An MLP consists of at least three types of layers: 1. Input Layer: This layer receives the raw input features of your data. Each node in the input layer corresponds to one input feature. No computations (weights, biases, or activation functions) are performed in the input layer; it merely passes the input values to the next layer. 2. Hidden Layers: These are the intermediate layers between the input and output layers. An MLP must have at least one hidden layer, and deep learning refers to networks with many hidden layers. Each node (or 'neuron') in a hidden layer performs the same operation as a perceptron: it takes inputs from the previous layer, multiplies them by learned weights, sums them up, adds a bias, and then passes the result through an activation function. Hidden layers are crucial because they allow the network to learn complex, non-linear relationships and abstract representations of the input data. Each subsequent hidden layer can learn more intricate and higher-level features from the representations learned by the previous layer. The 'depth' in 'deep learning' refers to the number of hidden layers. 3. Output Layer: This is the final layer of the network, responsible for producing the model's prediction. The number of nodes in the output layer depends on the type of problem: Regression: Typically one node (for predicting a single numerical value). Binary Classification: One node (often with a Sigmoid activation to output a probability between 0 and 1). Multi-Class Classification: One node for each class (often with a Softmax activation to output probabilities for each class). Like hidden layers, nodes in the output layer also apply weights, biases, and an activation function.
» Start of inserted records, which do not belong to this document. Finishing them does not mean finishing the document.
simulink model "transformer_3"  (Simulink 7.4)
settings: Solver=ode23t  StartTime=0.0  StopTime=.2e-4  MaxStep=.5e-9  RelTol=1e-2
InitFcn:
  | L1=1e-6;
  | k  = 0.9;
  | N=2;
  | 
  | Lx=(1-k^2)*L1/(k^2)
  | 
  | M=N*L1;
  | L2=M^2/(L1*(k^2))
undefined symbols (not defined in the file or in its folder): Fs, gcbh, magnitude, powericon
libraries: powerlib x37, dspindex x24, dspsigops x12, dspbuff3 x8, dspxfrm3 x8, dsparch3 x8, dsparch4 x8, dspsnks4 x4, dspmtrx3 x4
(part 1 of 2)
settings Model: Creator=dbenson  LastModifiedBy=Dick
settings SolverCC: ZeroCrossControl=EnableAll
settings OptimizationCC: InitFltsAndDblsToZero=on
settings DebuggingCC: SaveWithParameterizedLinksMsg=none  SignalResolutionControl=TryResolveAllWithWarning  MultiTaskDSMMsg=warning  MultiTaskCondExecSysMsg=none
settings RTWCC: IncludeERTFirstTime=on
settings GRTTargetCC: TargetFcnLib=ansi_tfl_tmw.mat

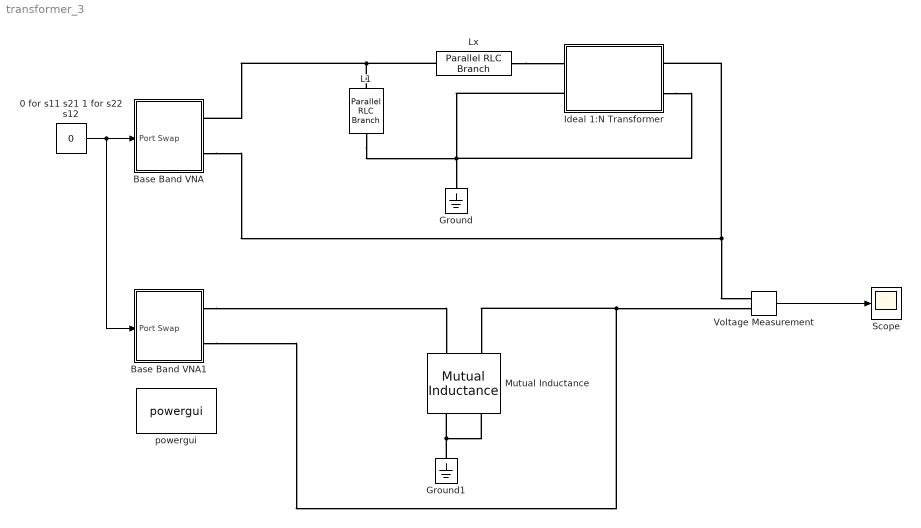
== system transformer_3 ==
  0 for s11 s21 1 for s22 s12 : Constant  Value=0  OutDataType=fixdt(1, 16)  OutScaling=2^0
  Base Band VNA : Subsystem  Description=Spectrum Analyzer  mask{BW=1e8, Frame_Size=256}
      mask prompts: BW "Bandwidth"; Frame_Size "FFT SIze (256,512,1024 etc)"
  Base Band VNA1 : Subsystem  Description=Spectrum Analyzer  mask{BW=1e8, Frame_Size=256}
      mask prompts: BW "Bandwidth"; Frame_Size "FFT SIze (256,512,1024 etc)"
  Ground : powerlib/Elements/Ground  DialogController=POWERSYS.PowerSysDialog  PhysicalDomain=powersysdomain  SubClassName=unknown  LeftPortType=p1  RightPortType=p1  LConnTagsString=a
  Ground1 : powerlib/Elements/Ground  DialogController=POWERSYS.PowerSysDialog  PhysicalDomain=powersysdomain  SubClassName=unknown  LeftPortType=p1  RightPortType=p1  LConnTagsString=a
  Ideal 1:N Transformer : Subsystem  mask{N=N}
      mask prompts: N "Turns Ratio Secondary/Primary"
  L1 : powerlib/Elements/Parallel RLC Branch  DialogController=POWERSYS.PowerSysDialog  PhysicalDomain=powersysdomain  SubClassName=unknown  LeftPortType=p1  RightPortType=p1  LConnTagsString=a  RConnTagsString=__new0  BranchType=L  Resistance=1  Inductance=L1  SetiL0=off  InitialCurrent=0  Capacitance=1e-6  Setx0=off  InitialVoltage=0  Measurements=None
  Lx : powerlib/Elements/Parallel RLC Branch  DialogController=POWERSYS.PowerSysDialog  PhysicalDomain=powersysdomain  SubClassName=unknown  LeftPortType=p1  RightPortType=p1  LConnTagsString=a  RConnTagsString=__new0  BranchType=RL  Resistance=1e6  Inductance=Lx  SetiL0=off  InitialCurrent=0  Capacitance=1e-6  Setx0=off  InitialVoltage=0  Measurements=None
  Mutual Inductance : powerlib/Elements/Mutual Inductance  DialogController=POWERSYS.PowerSysDialog  PhysicalDomain=powersysdomain  SubClassName=unknown  LeftPortType=p1  RightPortType=p1  LConnTagsString=a|b  RConnTagsString=A|B  TypeOfMutual=Two or three windings with equal mutual terms  NumberOfWindings=3  SelfImpedance1="[0.1    L1]"  SelfImpedance2="[0.1    L2]"  ThreeWindings=off  SelfImpedance3=[ 1.1 1.1e-03]  MutualImpedance="[0     M]"  InductanceMatrix="[1.0 0.9  0.9 ;  0.9 1.0  0.9;  0.9 0.9 1.0 ] * 1e-3"  ResistanceMatrix="[1.0 0.9  0.9 ;  0.9 1.0  0.9;  0.9 0.9 1.0 ]"  Measurements=None
      settings: AttributesFormatString=\n
  Scope : Scope
      settings: TimeRange=3e-006  YMin=-1.5  YMax=1.5
  Voltage Measurement : powerlib/Measurements/Voltage Measurement  DialogController=POWERSYS.PowerSysDialog  SystemSampleTime=-1  PhasorSimulation=off  OutputType=Complex  PSBequivalent=0
  powergui : powerlib/powergui  SystemSampleTime=-1  SimulationMode=Continuous  SampleTime=50e-6  frequency=60  SPID=off  DisableSnubberDevices=off  DisableRonSwitches=off  DisableVfSwitches=off  SwTol=0  Interpol=off  frequencyindice=0  echomessages=off  HookPort=off  DisplayEquations=off  FunctionMessages=off  EnableUseOfTLC=off  x0status=blocks  RestoreLinks=warning  Frange=[0:2:500]  Ylog=off  Xlog=on  ShowGrid=off  save=off  variable=ZData  ZoomFFT=on  StartTime=0.0  cycles=1  DisplayStyle=1  fundamental=60  FreqAxis=off  MaxFrequency=1000  frequencyindicesteady=1  RmsSteady=1  display=off  Ts=0  methode=off
  wires:
  0 for s11 s21 1 for s22 s12/1 -> Base Band VNA/1(Port Swap), Base Band VNA1/1(Port Swap)
  Voltage Measurement/1 -> Scope/1
  connections:
  Ideal 1:N Transformer/LConn2 -- Ground/LConn1 -- L1/RConn1 -- Ideal 1:N Transformer/RConn2
  L1/LConn1 -- Base Band VNA/RConn1 -- Lx/RConn1
  Base Band VNA/RConn2 -- Ideal 1:N Transformer/RConn1 -- Voltage Measurement/LConn1
  Lx/LConn1 -- Ideal 1:N Transformer/LConn1
  Base Band VNA1/RConn1 -- Mutual Inductance/LConn1
  Mutual Inductance/RConn2 -- Ground1/LConn1 -- Mutual Inductance/RConn1
  Base Band VNA1/RConn2 -- Mutual Inductance/LConn2 -- Voltage Measurement/LConn2

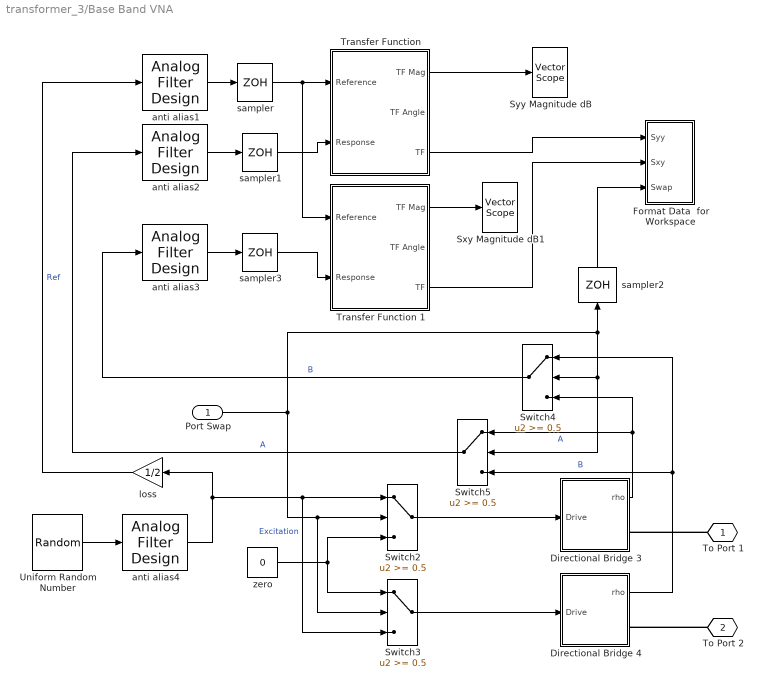
== system transformer_3/Base Band VNA ==
  Port Swap : Inport  OutDataType=sfix(16)  OutScaling=2^0
  Directional Bridge 3 : Subsystem  mask{Zo=50}
      mask prompts: Zo "Zo="
  Directional Bridge 4 : Subsystem  mask{Zo=50}
      mask prompts: Zo "Zo="
  Format Data  for Workspace : Subsystem
  Switch{2..5} (4 alike) : Switch  Threshold=0.5  SaturateOnIntegerOverflow=on
  Sxy Magnitude dB1 : dspsnks4/Vector Scope  DialogController=dspdialog.VectorScope  DialogControllerArgs=DataTag0  ScopeProperties=on  Domain=Frequency  HorizSpan=1  DisplayProperties=off  AxisGrid=on  Memory=off  FrameNumber=on  AxisLegend=off  AxisZoom=off  OpenScopeAtSimStart=on  OpenScopeImmediately=off  FigPos=[24 378 372 236]  AxisProperties=off  XUnits=Hertz  XRange=[0...Fs/2]  InheritXIncr=on  XIncr=2*Fs  XLabel=Time  XLimit=Auto  XMin=0  XMax=1  XStart=0  YUnits=dB  YLabel=dB  LineProperties=off  LineColors=[1 0 0]|[1 0 0]  XAxisParamsVer=6.9
      settings: YMin=-20  YMax=0
  Syy Magnitude dB : dspsnks4/Vector Scope  DialogController=dspdialog.VectorScope  DialogControllerArgs=DataTag1  ScopeProperties=on  Domain=Frequency  HorizSpan=1  DisplayProperties=off  AxisGrid=on  Memory=off  FrameNumber=on  AxisLegend=off  AxisZoom=off  OpenScopeAtSimStart=on  OpenScopeImmediately=off  FigPos=[24 92 372 236]  AxisProperties=off  XUnits=Hertz  XRange=[0...Fs/2]  InheritXIncr=on  XIncr=2*Fs  XLabel=Time  XLimit=Auto  XMin=0  XMax=1  XStart=0  YUnits=dB  YLabel=dB  LineProperties=off  LineColors=[1 0 0]|[1 0 0]  XAxisParamsVer=6.9
      settings: YMin=-20  YMax=0
  "Transfer Function " : Subsystem  mask{NFFT=Frame_Size, Navg=100, pcnt=100, unwrap_flag=on}
      mask prompts: NFFT "FFT length (power of 2):"; Navg "Spectral Averaging Factor (>=1):"; pcnt "Percentage of  Alias Free Data  (<=100)"; unwrap_flag "Unwrap Phase"
      mask Display: disp('Transfer Function \n Estimation (v2.0) ')
  Transfer Function 1 : Subsystem  mask{NFFT=Frame_Size, Navg=100, pcnt=100, unwrap_flag=on}
      mask prompts: NFFT "FFT length (power of 2):"; Navg "Spectral Averaging Factor (>=1):"; pcnt "Percentage of  Alias Free Data  (<=100)"; unwrap_flag "Unwrap Phase"
      mask Display: disp('Transfer Function \n Estimation (v2.0) ')
  Uniform Random Number : UniformRandomNumber  SampleTime=1/(2.56*BW)
  anti alias{1..4} (4 alike) : dsparch4/Analog Filter Design  method=Elliptic  filttype=Lowpass  N=8  Wlo=BW*2*pi  Whi=80  Rp=2  Rs=100
  loss : Gain  Gain=1/2  ParameterDataType=sfix(16)  ParameterScaling=2^0  OutDataType=sfix(16)  OutScaling=2^0  SaturateOnIntegerOverflow=on  OutDataTypeStr=Inherit: Same as input  ParamDataTypeStr=Inherit: Same as input
  sampler : ZeroOrderHold  SampleTime=1/(2.56*BW)
  sampler1 : ZeroOrderHold  SampleTime=1/(2.56*BW)
  sampler2 : ZeroOrderHold  SampleTime=256/(2.56*BW)
  sampler3 : ZeroOrderHold  SampleTime=1/(2.56*BW)
  zero : Constant  Value=0  OutDataType=sfix(16)  OutScaling=2^0
  To Port 1 : PMIOPort  Tag=PMCPort  Port=1  Side=Right
  To Port 2 : PMIOPort  Tag=PMCPort  Port=2  Side=Right
  wires:
  sampler/1 -> "Transfer Function "/1(Reference), Transfer Function 1/1(Reference)
  anti alias1/1 -> sampler/1
  anti alias2/1 -> sampler1/1
  Uniform Random Number/1 -> anti alias4/1
  anti alias3/1 -> sampler3/1
  sampler3/1 -> Transfer Function 1/2(Response)
  anti alias4/1 -> loss/1, Switch3/3, Switch2/1  "Excitation"
  loss/1 -> anti alias1/1  "Ref"
  Port Swap/1 -> Switch3/2, Switch2/2, Switch4/2, Switch5/2, sampler2/1
  zero/1 -> Switch2/3, Switch3/1
  Switch2/1 -> Directional Bridge 3/1(Drive)
  Switch3/1 -> Directional Bridge 4/1(Drive)
  Switch5/1 -> anti alias2/1  "A"
  Switch4/1 -> anti alias3/1  "B"
  Directional Bridge 3/1(rho) -> Switch4/3, Switch5/1  "A"
  Directional Bridge 4/1(rho) -> Switch5/3, Switch4/1  "B"
  sampler1/1 -> "Transfer Function "/2(Response)
  "Transfer Function "/1(TF Mag) -> Syy Magnitude dB/1
  Transfer Function 1/3("TF ") -> Format Data  for Workspace/2(Sxy)
  Transfer Function 1/1(TF Mag) -> Sxy Magnitude dB1/1
  "Transfer Function "/3("TF ") -> Format Data  for Workspace/1(Syy)
  sampler2/1 -> Format Data  for Workspace/3(Swap)
  connections:
  To Port 1/RConn1 -- Directional Bridge 3/RConn1
  To Port 2/RConn1 -- Directional Bridge 4/RConn1

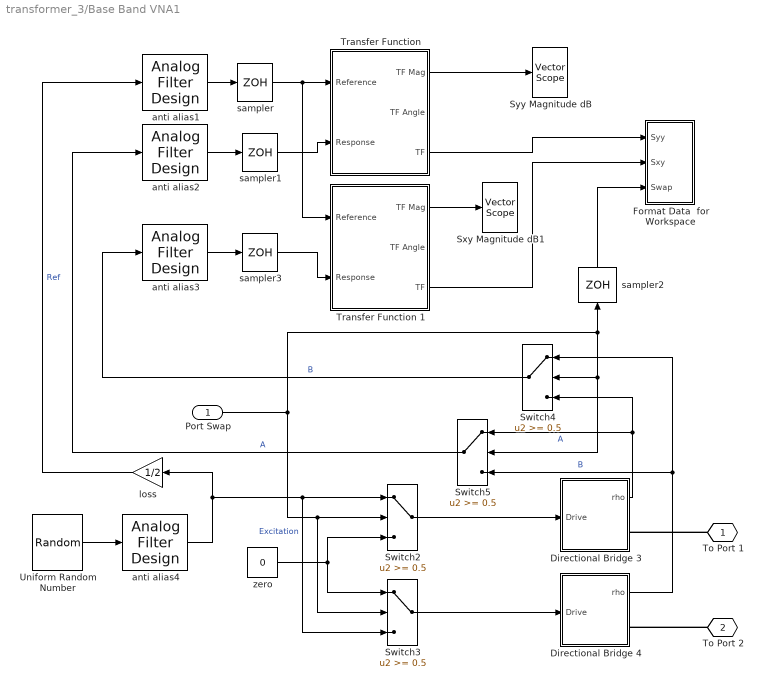
== system transformer_3/Base Band VNA1 ==
  Port Swap : Inport  OutDataType=sfix(16)  OutScaling=2^0
  Directional Bridge 3 : Subsystem  mask{Zo=50}
      mask prompts: Zo "Zo="
  Directional Bridge 4 : Subsystem  mask{Zo=50}
      mask prompts: Zo "Zo="
  Format Data  for Workspace : Subsystem
  Switch{2..5} (4 alike) : Switch  Threshold=0.5  SaturateOnIntegerOverflow=on
  Sxy Magnitude dB1 : dspsnks4/Vector Scope  DialogController=dspdialog.VectorScope  DialogControllerArgs=DataTag12  ScopeProperties=on  Domain=Frequency  HorizSpan=1  DisplayProperties=off  AxisGrid=on  Memory=off  FrameNumber=on  AxisLegend=off  AxisZoom=off  OpenScopeAtSimStart=on  OpenScopeImmediately=off  FigPos=[24 378 372 236]  AxisProperties=off  XUnits=Hertz  XRange=[0...Fs/2]  InheritXIncr=on  XIncr=2*Fs  XLabel=Time  XLimit=Auto  XMin=0  XMax=1  XStart=0  YUnits=dB  YLabel=dB  LineProperties=off  LineColors=[1 0 0]|[1 0 0]  XAxisParamsVer=6.9
      settings: YMin=-20  YMax=0
  Syy Magnitude dB : dspsnks4/Vector Scope  DialogController=dspdialog.VectorScope  DialogControllerArgs=DataTag13  ScopeProperties=on  Domain=Frequency  HorizSpan=1  DisplayProperties=off  AxisGrid=on  Memory=off  FrameNumber=on  AxisLegend=off  AxisZoom=off  OpenScopeAtSimStart=on  OpenScopeImmediately=off  FigPos=[24 92 372 236]  AxisProperties=off  XUnits=Hertz  XRange=[0...Fs/2]  InheritXIncr=on  XIncr=2*Fs  XLabel=Time  XLimit=Auto  XMin=0  XMax=1  XStart=0  YUnits=dB  YLabel=dB  LineProperties=off  LineColors=[1 0 0]|[1 0 0]  XAxisParamsVer=6.9
      settings: YMin=-20  YMax=0
  "Transfer Function " : Subsystem  mask{NFFT=Frame_Size, Navg=100, pcnt=100, unwrap_flag=on}
      mask prompts: NFFT "FFT length (power of 2):"; Navg "Spectral Averaging Factor (>=1):"; pcnt "Percentage of  Alias Free Data  (<=100)"; unwrap_flag "Unwrap Phase"
      mask Display: disp('Transfer Function \n Estimation (v2.0) ')
  Transfer Function 1 : Subsystem  mask{NFFT=Frame_Size, Navg=100, pcnt=100, unwrap_flag=on}
      mask prompts: NFFT "FFT length (power of 2):"; Navg "Spectral Averaging Factor (>=1):"; pcnt "Percentage of  Alias Free Data  (<=100)"; unwrap_flag "Unwrap Phase"
      mask Display: disp('Transfer Function \n Estimation (v2.0) ')
  Uniform Random Number : UniformRandomNumber  SampleTime=1/(2.56*BW)
  anti alias{1..4} (4 alike) : dsparch4/Analog Filter Design  method=Elliptic  filttype=Lowpass  N=8  Wlo=BW*2*pi  Whi=80  Rp=2  Rs=100
  loss : Gain  Gain=1/2  ParameterDataType=sfix(16)  ParameterScaling=2^0  OutDataType=sfix(16)  OutScaling=2^0  SaturateOnIntegerOverflow=on  OutDataTypeStr=Inherit: Same as input  ParamDataTypeStr=Inherit: Same as input
  sampler : ZeroOrderHold  SampleTime=1/(2.56*BW)
  sampler1 : ZeroOrderHold  SampleTime=1/(2.56*BW)
  sampler2 : ZeroOrderHold  SampleTime=256/(2.56*BW)
  sampler3 : ZeroOrderHold  SampleTime=1/(2.56*BW)
  zero : Constant  Value=0  OutDataType=sfix(16)  OutScaling=2^0
  To Port 1 : PMIOPort  Tag=PMCPort  Port=1  Side=Right
  To Port 2 : PMIOPort  Tag=PMCPort  Port=2  Side=Right
  wires:
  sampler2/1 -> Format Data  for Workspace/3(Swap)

The key to MLPs' power lies in the non-linear activation functions used in their hidden layers. While a single perceptron with a linear activation can only model linear relationships, stacking multiple layers with non-linear activation functions allows the MLP to approximate any continuous function. This means MLPs can learn highly complex, non-linear decision boundaries and discover intricate patterns in data that are not linearly separable (like the XOR problem). Each hidden layer learns increasingly abstract representations, effectively performing automatic feature engineering.